Additional Concerns

Naturally, other physical properties of the LWA such as mechanical strength, particle shape, and particle gradation will influence the fresh and ultimate properties of the concrete. To optimize the performance of the LWA in the concrete system, these properties should be as similar as possible to the normal weight sand being replaced by the LWA.²

In addition to providing sufficient water via the internal curing design, another important consideration is that the supplied water be distributed uniformly throughout the concrete mixture. This will be especially important for curing at later ages, when the distance the water can travel may become limited to hundreds of micrometers, due to the ever-decreasing permeability of the hydrating cement paste.⁶ A more uniform distribution of internal curing water is best achieved by the use of fine (as opposed to coarse) lightweight aggregates (or SAP particles which are on the order of hundreds of micrometers in diameter³). The actual projected distribution of water availability for a given concrete mixture with saturated lightweight aggregates, based on a hard core-soft shell (HCSS) microstructural model developed at NIST,²⁰ can be computed and viewed using a web site available at http://ciks.cbt.nist.gov/lwagg.html. At this site, the user provides the aggregate gradation, lightweight aggregate replacement fraction, and overall aggregate volume fraction and the system returns a representative color-coded two-dimensional image from the "virtual" concrete along with a table indicating the protected paste volume fraction⁶ as a function of distance from the surfaces of the LWA particles. An example of the model output for a concrete with 70 % aggregates by volume and replacement of 20 % of the fine aggregates by LWA is provided in Figure 3 and Table IV. In this example, while 100 % of the cement paste is within 1.0 mm of a LWA surface (a relevant distance for early age curing), only 56 % of the cement paste is within 0.2 mm of a LWA surface (a more relevant distance for later age curing).²¹

The above methodology has been developed for concrete mixtures based on ordinary portland cement. The use of blended cements (with silica fume, slag, fly ash, etc.) will require further modifications to the computation of chemical shrinkage and "internal water demand." These blending components influence both the kinetics of hydration and the absolute volume of chemical shrinkage.¹⁰ Further research on these materials is needed to provide a quantitative basis for extending the presented methodology to cover them.

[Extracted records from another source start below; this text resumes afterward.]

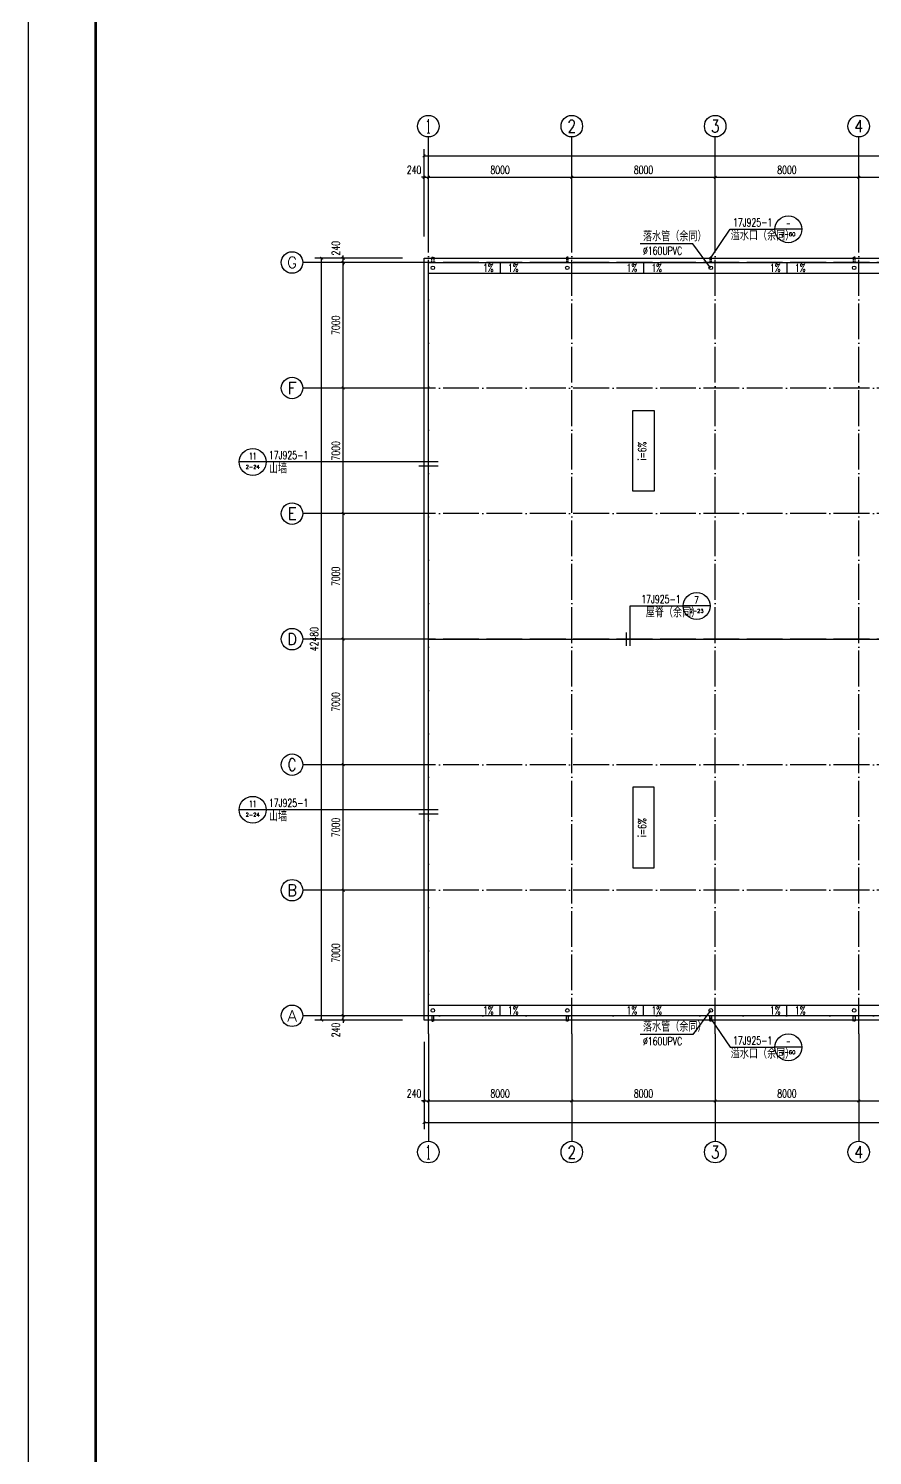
# Model space of a CAD drawing. Extents: x 170967 to 297117, y -33682 to 593582.
# Drawn here: x 170967 to 218036, y 214793 to 294351 of the extents above; entities that cross this region are included whole.
import ezdxf
from ezdxf.enums import TextEntityAlignment as Align

# ---------------------------------------------------------------- set-up
doc = ezdxf.new("R2010")
doc.units = 0
doc.header["$LTSCALE"] = 1000
doc.header["$MEASUREMENT"] = 0
doc.linetypes.add('DASH', pattern=[0.35, 0.25, -0.1])
doc.linetypes.add('DOTE', pattern=[2.42, 2, -0.2, 0.02, -0.2])
doc.layers.get('Defpoints').update_dxf_attribs({"color": 250})
for name, color, linetype in [('0 - 屋顶', 150, 'Continuous'), ('0-建筑立面', 255, 'Continuous'), ('2D_ROOF', 150, 'Continuous'), ('AXIS', 171, 'Continuous'), ('AXIS_TEXT', 7, 'Continuous'), ('DIM_IDEN', 150, 'Continuous'), ('DIM_LEAD', 171, 'Continuous'), ('DIM_SYMB', 171, 'Continuous'), ('DOTE', 14, 'DOTE'), ('PUB_TEXT', 7, 'Continuous'), ('ROOF', 150, 'Continuous'), ('TK', 4, 'Continuous')]:
    doc.layers.add(name, color=color, linetype=linetype)
doc.styles.add('_TCH_AXIS', font='COMPLEX', dxfattribs={"bigfont": 'GBCBIG'})
doc.styles.add('_TCH_DIM', font='SIMPLEX', dxfattribs={"bigfont": 'GBCBIG'})
doc.styles.add('_TCH_DIM_T3', font='SIMPLEX', dxfattribs={"width": 0.705882, "bigfont": 'GBCBIG'})
doc.styles.add('_TCH_LABEL', font='COMPLEX', dxfattribs={"bigfont": 'GBCBIG'})
doc.styles.add('COMPLEX', font='COMPLEX')
doc.dimstyles.new('_TCH_ARCH&&150', dxfattribs={"dimtxt": 446.25, "dimasz": 150, "dimexe": 375, "dimexo": 450, "dimgap": 189.375, "dimtad": 1, "dimdec": 0, "dimzin": 0, "dimdsep": 46, "dimtxsty": '_TCH_DIM_T3', "dimblk": 'ARCHTICK', "dimcen": 0.09, "dimclrt": 7, "dimazin": 2, "dimtfac": 1, "dimtdec": 0, "dimtix": 1, "dimtmove": 2, "dimatfit": 3, "dimfxl": 0, "dimtolj": 1, "dimtzin": 0, "dimarcsym": 0})

# ---------------------------------------------------------------- blocks, each defined once
blk = doc.blocks.new('GeYuanFrame_12877651', base_point=(20.09, 4.53))
at = {"layer": 'TK'}
blk.add_lwpolyline([(20.09, 4.53), (20.09, 598.53), (861.09, 598.53), (861.09, 4.53)], close=True, dxfattribs=at)
at = {"layer": 'TK', "const_width": 1}
blk.add_lwpolyline([(45.09, 588.53), (851.09, 588.53), (851.09, 14.53), (45.09, 14.53)], close=True, dxfattribs=at)
blk = doc.blocks.new('_AXISO')
blk.add_circle((0, 0), 0.5)
at = {"layer": 'AXIS_TEXT', "style": 'COMPLEX', "width": 1.041667}
blk.add_attdef('A', text='', height=0.56, dxfattribs=at).set_placement((-0.25, -0.28), (0.25, -0.28), align=Align.FIT)
blk = doc.blocks.new('_ArchTick')
at = {"color": 0, "linetype": 'ByBlock', "const_width": 0.4}
blk.add_lwpolyline([(-0.5, -0.5), (0.5, 0.5)], dxfattribs=at)
blk = doc.blocks.new('*D302')
at = {"layer": 'AXIS', "color": 0, "lineweight": -2}
for p, q in [((193026, 237858), (193026, 232983)), ((265506, 237858), (265506, 232983)), ((193026, 233358), (265506, 233358))]:
    blk.add_line(p, q, dxfattribs=at)
at = {"layer": 'Defpoints', "color": 0}
for p in [(193026, 238308), (265506, 238308), (265506, 233358)]:
    blk.add_point(p, dxfattribs=at)
at = {"layer": 'AXIS', "color": 0, "lineweight": -2, "xscale": 150, "yscale": 150, "zscale": 150, "rotation": 180}
blk.add_blockref('_ArchTick', (193026, 233358), dxfattribs=at)
at = {"layer": 'AXIS', "color": 0, "lineweight": -2, "xscale": 150, "yscale": 150, "zscale": 150}
blk.add_blockref('_ArchTick', (265506, 233358), dxfattribs=at)
at = {"layer": 'AXIS', "color": 7, "insert": (229266, 233770), "char_height": 446.2, "attachment_point": 5, "style": '_TCH_DIM_T3'}
blk.add_mtext('\\A1;72480', dxfattribs=at)
blk = doc.blocks.new('*D303')
at = {"layer": 'AXIS', "color": 0, "lineweight": -2}
for p, q in [((193026, 237858), (193026, 234183)), ((193266, 237858), (193266, 234183)), ((193026, 234558), (192876, 234558)), ((193026, 234558), (193266, 234558)), ((193266, 234558), (193416, 234558))]:
    blk.add_line(p, q, dxfattribs=at)
at = {"layer": 'Defpoints', "color": 0}
for p in [(193026, 238308), (193266, 238308), (193266, 234558)]:
    blk.add_point(p, dxfattribs=at)
at = {"layer": 'AXIS', "color": 0, "lineweight": -2, "xscale": 150, "yscale": 150, "zscale": 150}
blk.add_blockref('_ArchTick', (193026, 234558), dxfattribs=at)
at = {"layer": 'AXIS', "color": 0, "lineweight": -2, "xscale": 150, "yscale": 150, "zscale": 150, "rotation": 180}
blk.add_blockref('_ArchTick', (193266, 234558), dxfattribs=at)
at = {"layer": 'AXIS', "color": 7, "insert": (192471, 234970), "char_height": 446.2, "attachment_point": 5, "style": '_TCH_DIM_T3'}
blk.add_mtext('\\A1;240', dxfattribs=at)
blk = doc.blocks.new('*D304')
at = {"layer": 'AXIS', "color": 0, "lineweight": -2}
for p, q in [((193266, 237858), (193266, 234183)), ((201266, 237858), (201266, 234183)), ((193266, 234558), (201266, 234558))]:
    blk.add_line(p, q, dxfattribs=at)
at = {"layer": 'Defpoints', "color": 0}
for p in [(193266, 238308), (201266, 238308), (201266, 234558)]:
    blk.add_point(p, dxfattribs=at)
at = {"layer": 'AXIS', "color": 0, "lineweight": -2, "xscale": 150, "yscale": 150, "zscale": 150, "rotation": 180}
blk.add_blockref('_ArchTick', (193266, 234558), dxfattribs=at)
at = {"layer": 'AXIS', "color": 0, "lineweight": -2, "xscale": 150, "yscale": 150, "zscale": 150}
blk.add_blockref('_ArchTick', (201266, 234558), dxfattribs=at)
at = {"layer": 'AXIS', "color": 7, "insert": (197266, 234970), "char_height": 446.2, "attachment_point": 5, "style": '_TCH_DIM_T3'}
blk.add_mtext('\\A1;8000', dxfattribs=at)
blk = doc.blocks.new('*D305')
at = {"layer": 'AXIS', "color": 0, "lineweight": -2}
for p, q in [((201266, 237858), (201266, 234183)), ((209266, 237858), (209266, 234183)), ((201266, 234558), (209266, 234558))]:
    blk.add_line(p, q, dxfattribs=at)
at = {"layer": 'Defpoints', "color": 0}
for p in [(201266, 238308), (209266, 238308), (209266, 234558)]:
    blk.add_point(p, dxfattribs=at)
at = {"layer": 'AXIS', "color": 0, "lineweight": -2, "xscale": 150, "yscale": 150, "zscale": 150, "rotation": 180}
blk.add_blockref('_ArchTick', (201266, 234558), dxfattribs=at)
at = {"layer": 'AXIS', "color": 0, "lineweight": -2, "xscale": 150, "yscale": 150, "zscale": 150}
blk.add_blockref('_ArchTick', (209266, 234558), dxfattribs=at)
at = {"layer": 'AXIS', "color": 7, "insert": (205266, 234970), "char_height": 446.2, "attachment_point": 5, "style": '_TCH_DIM_T3'}
blk.add_mtext('\\A1;8000', dxfattribs=at)
blk = doc.blocks.new('*D306')
at = {"layer": 'AXIS', "color": 0, "lineweight": -2}
for p, q in [((209266, 237858), (209266, 234183)), ((217266, 237858), (217266, 234183)), ((209266, 234558), (217266, 234558))]:
    blk.add_line(p, q, dxfattribs=at)
at = {"layer": 'Defpoints', "color": 0}
for p in [(209266, 238308), (217266, 238308), (217266, 234558)]:
    blk.add_point(p, dxfattribs=at)
at = {"layer": 'AXIS', "color": 0, "lineweight": -2, "xscale": 150, "yscale": 150, "zscale": 150, "rotation": 180}
blk.add_blockref('_ArchTick', (209266, 234558), dxfattribs=at)
at = {"layer": 'AXIS', "color": 0, "lineweight": -2, "xscale": 150, "yscale": 150, "zscale": 150}
blk.add_blockref('_ArchTick', (217266, 234558), dxfattribs=at)
at = {"layer": 'AXIS', "color": 7, "insert": (213266, 234970), "char_height": 446.2, "attachment_point": 5, "style": '_TCH_DIM_T3'}
blk.add_mtext('\\A1;8000', dxfattribs=at)
blk = doc.blocks.new('*D307')
at = {"layer": 'AXIS', "color": 0, "lineweight": -2}
for p, q in [((217266, 237858), (217266, 234183)), ((225266, 237858), (225266, 234183)), ((217266, 234558), (225266, 234558))]:
    blk.add_line(p, q, dxfattribs=at)
at = {"layer": 'Defpoints', "color": 0}
for p in [(217266, 238308), (225266, 238308), (225266, 234558)]:
    blk.add_point(p, dxfattribs=at)
at = {"layer": 'AXIS', "color": 0, "lineweight": -2, "xscale": 150, "yscale": 150, "zscale": 150, "rotation": 180}
blk.add_blockref('_ArchTick', (217266, 234558), dxfattribs=at)
at = {"layer": 'AXIS', "color": 0, "lineweight": -2, "xscale": 150, "yscale": 150, "zscale": 150}
blk.add_blockref('_ArchTick', (225266, 234558), dxfattribs=at)
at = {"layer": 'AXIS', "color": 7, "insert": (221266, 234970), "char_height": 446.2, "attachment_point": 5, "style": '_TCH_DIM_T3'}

Figure 3- Example 2-D Image (3 cm x 3 cm) from Internal Curing Simulation

Table IV- "Protected Paste" Volume as a Function of Distance from the LWA Surfaces

*Certain commercial products are identified in this paper to specify the materials used and procedures employed. In no case does such identification imply endorsement by the National Institute of Standards and Technology, nor does it indicate that the products are necessarily the best available for the purpose.